Now suppose the firm’s EVA rises and investors consider the improvement permanent. The firm’s MVA increases to incorporate the present value of the increase in EVA projected as a never-ending perpetuity. The return soars whenever investors are first convinced this will happen. Depending on the cost of capital, the MVA increase could be 7 to 20 times the increase in annual EVA.

Finally, suppose that investors not only expect the increase in EVA to be permanent, but they also believe that management has positioned the company to continue increasing EVA for some time. In this case, the firm’s MVA is turbocharged, as both EVA and future EVA growth rev up. The investor return skyrockets when the long-run EVA trajectory is revised and impounded into the share price.

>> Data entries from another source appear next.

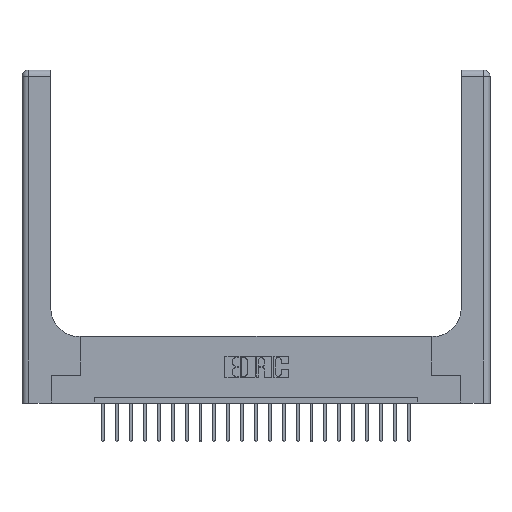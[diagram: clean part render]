
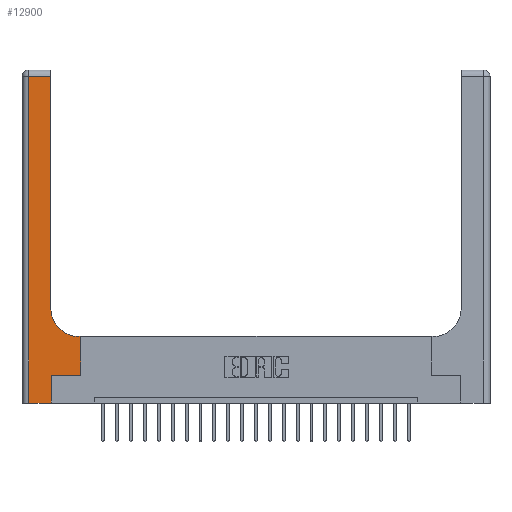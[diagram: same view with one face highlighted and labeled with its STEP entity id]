
A CAD part, top view. The second image highlights one B-rep face of the part: STEP entity #12900.
In plain terms, the highlighted planar face has unit normal (0, 0, 1).
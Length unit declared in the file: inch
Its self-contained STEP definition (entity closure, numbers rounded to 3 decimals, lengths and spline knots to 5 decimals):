
#649 = LINE ( 'NONE', #12832, #9778 ) ;
#942 = LINE ( 'NONE', #10847, #20357 ) ;
#973 = CARTESIAN_POINT ( 'NONE',  ( 0.528, 0.25, 0.37 ) ) ;
#1108 = CARTESIAN_POINT ( 'NONE',  ( 0.26, 0.6, 0.37 ) ) ;
#1537 = DIRECTION ( 'NONE',  ( 1., 0., 0. ) ) ;
#1547 = FACE_OUTER_BOUND ( 'NONE', #20886, .T. ) ;
#2646 = ORIENTED_EDGE ( 'NONE', *, *, #11610, .T. ) ;
#3402 = VERTEX_POINT ( 'NONE', #973 ) ;
#3411 = VERTEX_POINT ( 'NONE', #7920 ) ;
#4142 = VECTOR ( 'NONE', #21930, 39.37008 ) ;
#4254 = VECTOR ( 'NONE', #18967, 39.37008 ) ;
#4884 = CARTESIAN_POINT ( 'NONE',  ( 0., 2.94, 0.37 ) ) ;
#5160 = ORIENTED_EDGE ( 'NONE', *, *, #17182, .T. ) ;
#5267 = CARTESIAN_POINT ( 'NONE',  ( 0.51, 0.6, 0.37 ) ) ;
#5935 = ORIENTED_EDGE ( 'NONE', *, *, #14370, .T. ) ;
#6047 = DIRECTION ( 'NONE',  ( 1., 0., 0. ) ) ;
#6235 = AXIS2_PLACEMENT_3D ( 'NONE', #9340, #14578, #6047 ) ;
#6334 = ORIENTED_EDGE ( 'NONE', *, *, #18866, .T. ) ;
#6609 = CIRCLE ( 'NONE', #6235, 0.25 ) ;
#7379 = DIRECTION ( 'NONE',  ( 0., 1., 0. ) ) ;
#7506 = CARTESIAN_POINT ( 'NONE',  ( 0.06, 2.94, 0.37 ) ) ;
#7920 = CARTESIAN_POINT ( 'NONE',  ( 0.265, 0., 0.37 ) ) ;
#7987 = CARTESIAN_POINT ( 'NONE',  ( 0.528, 0.6, 0.37 ) ) ;
#7995 = VECTOR ( 'NONE', #17506, 39.37008 ) ;
#8185 = CARTESIAN_POINT ( 'NONE',  ( 0.265, 0.25, 0.37 ) ) ;
#8324 = VERTEX_POINT ( 'NONE', #7987 ) ;
#8405 = CARTESIAN_POINT ( 'NONE',  ( 0.26, 0.85, 0.37 ) ) ;
#8570 = VECTOR ( 'NONE', #14981, 39.37008 ) ;
#8996 = LINE ( 'NONE', #10699, #18041 ) ;
#9079 = VECTOR ( 'NONE', #1537, 39.37008 ) ;
#9340 = CARTESIAN_POINT ( 'NONE',  ( 0.51, 0.85, 0.37 ) ) ;
#9652 = LINE ( 'NONE', #13075, #4142 ) ;
#9778 = VECTOR ( 'NONE', #7379, 39.37008 ) ;
#9847 = ORIENTED_EDGE ( 'NONE', *, *, #22045, .T. ) ;
#9860 = VERTEX_POINT ( 'NONE', #16878 ) ;
#10499 = EDGE_CURVE ( 'NONE', #8324, #17595, #18282, .T. ) ;
#10562 = CARTESIAN_POINT ( 'NONE',  ( 0.26, 3., 0.37 ) ) ;
#10699 = CARTESIAN_POINT ( 'NONE',  ( 0.265, 0., 0.37 ) ) ;
#10847 = CARTESIAN_POINT ( 'NONE',  ( 0.265, 0.25, 0.37 ) ) ;
#11610 = EDGE_CURVE ( 'NONE', #3411, #15269, #8996, .T. ) ;
#11881 = LINE ( 'NONE', #18820, #9079 ) ;
#12399 = CARTESIAN_POINT ( 'NONE',  ( 0.26, 2.94, 0.37 ) ) ;
#12832 = CARTESIAN_POINT ( 'NONE',  ( 0.528, 0.25, 0.37 ) ) ;
#12900 = ADVANCED_FACE ( 'NONE', ( #1547 ), #13712, .F. ) ;
#13075 = CARTESIAN_POINT ( 'NONE',  ( 0.06, 3., 0.37 ) ) ;
#13173 = ORIENTED_EDGE ( 'NONE', *, *, #21896, .T. ) ;
#13712 = PLANE ( 'NONE',  #20261 ) ;
#14207 = VERTEX_POINT ( 'NONE', #8405 ) ;
#14334 = DIRECTION ( 'NONE',  ( 0., 1., 0. ) ) ;
#14370 = EDGE_CURVE ( 'NONE', #3402, #8324, #649, .T. ) ;
#14444 = ORIENTED_EDGE ( 'NONE', *, *, #10499, .T. ) ;
#14480 = DIRECTION ( 'NONE',  ( 1., 0., 0. ) ) ;
#14578 = DIRECTION ( 'NONE',  ( 0., 0., -1. ) ) ;
#14972 = CARTESIAN_POINT ( 'NONE',  ( 0., 3., 0.37 ) ) ;
#14981 = DIRECTION ( 'NONE',  ( -1., 0., 0. ) ) ;
#15225 = LINE ( 'NONE', #4884, #4254 ) ;
#15269 = VERTEX_POINT ( 'NONE', #8185 ) ;
#15461 = EDGE_CURVE ( 'NONE', #14207, #20544, #19193, .T. ) ;
#16878 = CARTESIAN_POINT ( 'NONE',  ( 0.06, 0., 0.37 ) ) ;
#17182 = EDGE_CURVE ( 'NONE', #9860, #3411, #11881, .T. ) ;
#17388 = EDGE_CURVE ( 'NONE', #15269, #3402, #942, .T. ) ;
#17506 = DIRECTION ( 'NONE',  ( 0., 1., 0. ) ) ;
#17595 = VERTEX_POINT ( 'NONE', #5267 ) ;
#18041 = VECTOR ( 'NONE', #14334, 39.37008 ) ;
#18282 = LINE ( 'NONE', #1108, #8570 ) ;
#18820 = CARTESIAN_POINT ( 'NONE',  ( 0., 0., 0.37 ) ) ;
#18842 = ORIENTED_EDGE ( 'NONE', *, *, #15461, .T. ) ;
#18866 = EDGE_CURVE ( 'NONE', #17595, #14207, #6609, .T. ) ;
#18967 = DIRECTION ( 'NONE',  ( -1., 0., 0. ) ) ;
#19193 = LINE ( 'NONE', #10562, #7995 ) ;
#19202 = VERTEX_POINT ( 'NONE', #7506 ) ;
#20261 = AXIS2_PLACEMENT_3D ( 'NONE', #14972, #22337, #21899 ) ;
#20357 = VECTOR ( 'NONE', #14480, 39.37008 ) ;
#20544 = VERTEX_POINT ( 'NONE', #12399 ) ;
#20886 = EDGE_LOOP ( 'NONE', ( #18842, #9847, #13173, #5160, #2646, #22186, #5935, #14444, #6334 ) ) ;
#21896 = EDGE_CURVE ( 'NONE', #19202, #9860, #9652, .T. ) ;
#21899 = DIRECTION ( 'NONE',  ( -1., 0., 0. ) ) ;
#21930 = DIRECTION ( 'NONE',  ( 0., -1., 0. ) ) ;
#22045 = EDGE_CURVE ( 'NONE', #20544, #19202, #15225, .T. ) ;
#22186 = ORIENTED_EDGE ( 'NONE', *, *, #17388, .T. ) ;
#22337 = DIRECTION ( 'NONE',  ( 0., 0., -1. ) ) ;

The bad news is that, after such a run-up, TIR will be based off a much higher market value. To just earn the expected cost of capital and produce even just a zero excess return, the company will need to continue to increase its EVA and hike up its MVA year over year just to stay on track with expectations. But that is the way markets work. And it is another reason why it is sensible for ISS to focus on TSR over longer horizons, like over 5 years, and why it is helpful to implement incentive plans that reward managers not only for increasing the stock price but also for actually delivering the EVA profit growth the market is expecting.